Reste que ce qui fait aujourd'hui la différence entre une start-up successful et une autre c'est la qualité du code et donc celle des développeurs. La meilleure idée au monde restera lettre morte si elle ne réconcilie pas la vision du business, la qualité des développeurs et une bonne gestion. On peut par exemple citer Cloudwatt en contre-exemple : le marché du cloud n'était pas là, le développement de la plate-forme OpenStack n'était pas à la hauteur et l'argent des actionnaires (public et privé) a été carbonisé alors que les ventes - adossées à un business fantaisiste - étaient nulles... On peut aussi parler de Viadeo et de sa couteuse aventure chinoise financée par Bpifrance (18 millions d'euros) avant son placement en redressement judiciaire.

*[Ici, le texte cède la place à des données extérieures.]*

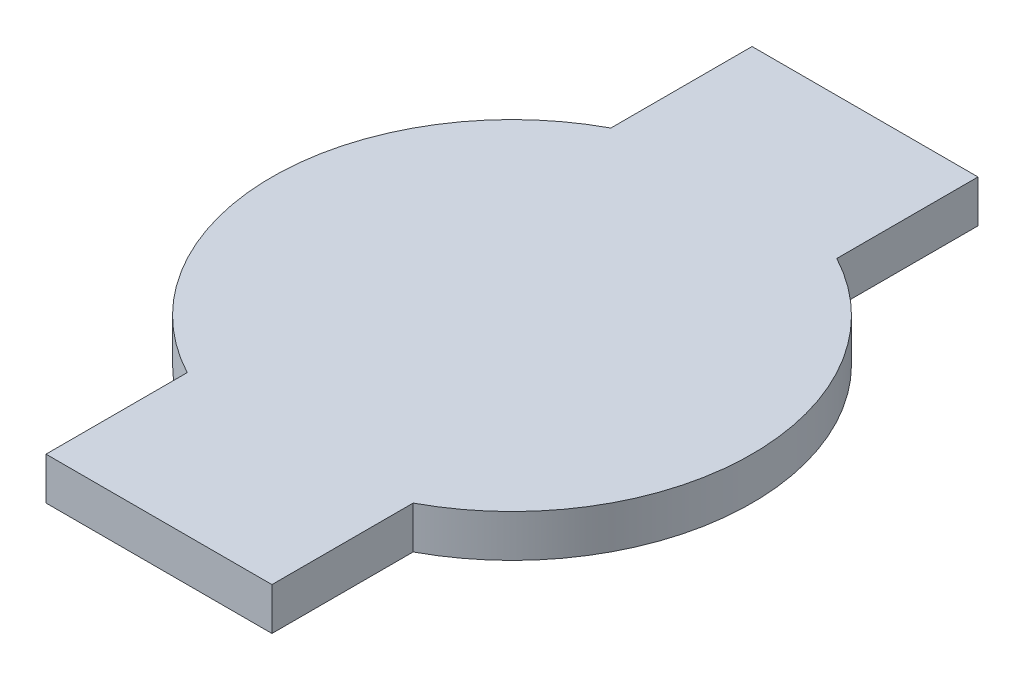
from build123d import *

# Parameters (mm, degrees)
ESTRUSIONE_ESTRUSIONE1_DEPTH = 3


with BuildPart() as part:
    # Schizzo1 → Estrusione-Estrusione1 (new body)
    with BuildSketch(Plane(origin=(0, 0, 0), x_dir=(1, 0, 0), z_dir=(0, 1, 0))):
        with BuildLine():
            Line((8, 25), (-8, 25))
            Line((-8, 25), (-8, 15))
            ThreePointArc((-8, 15), (-17, 0), (-8, -15))
            Line((-8, -15), (-8, -25))
            Line((-8, -25), (8, -25))
            Line((8, -25), (8, -15))
            ThreePointArc((8, -15), (17, 0), (8, 15))
            Line((8, 15), (8, 25))
        make_face()
    extrude(amount=ESTRUSIONE_ESTRUSIONE1_DEPTH)


solid = part.part

L'ambiance est particulièrement studieuse chez Zuora à San Mateo.

Jean Bourcereau, managing partners chez Ventech explique de son coté : « On n'aura pas les mêmes écosystèmes en Chine ou aux Etats-Unis ou en France. Dans la compétition mondiale on est meilleur quand on a des leaders plutôt que des followers et en France on peut compter sur Schneider et Legrand ». Si la question de la fuite des cerveaux ne date pas d'hier, il semblerait par ailleurs que l'on a également atteint un plafond en termes d'attractivité. « Si la Californie reste une bulle dans le monde, la réalité est qu'il n'y a plus d'avantage à aller habiter dans la Silicon Valley », a lancé de son côté Bertrand Diard, président et CEO d'Influans et ancien fondateur de Talend. « La vie est dure là-bas, à côté à Paris on passe pour des enfants de coeur. » Une réalité de terrain qui a de quoi tiédir les ardeurs de ceux résumant la Californie à la simple addition soleil + dollars.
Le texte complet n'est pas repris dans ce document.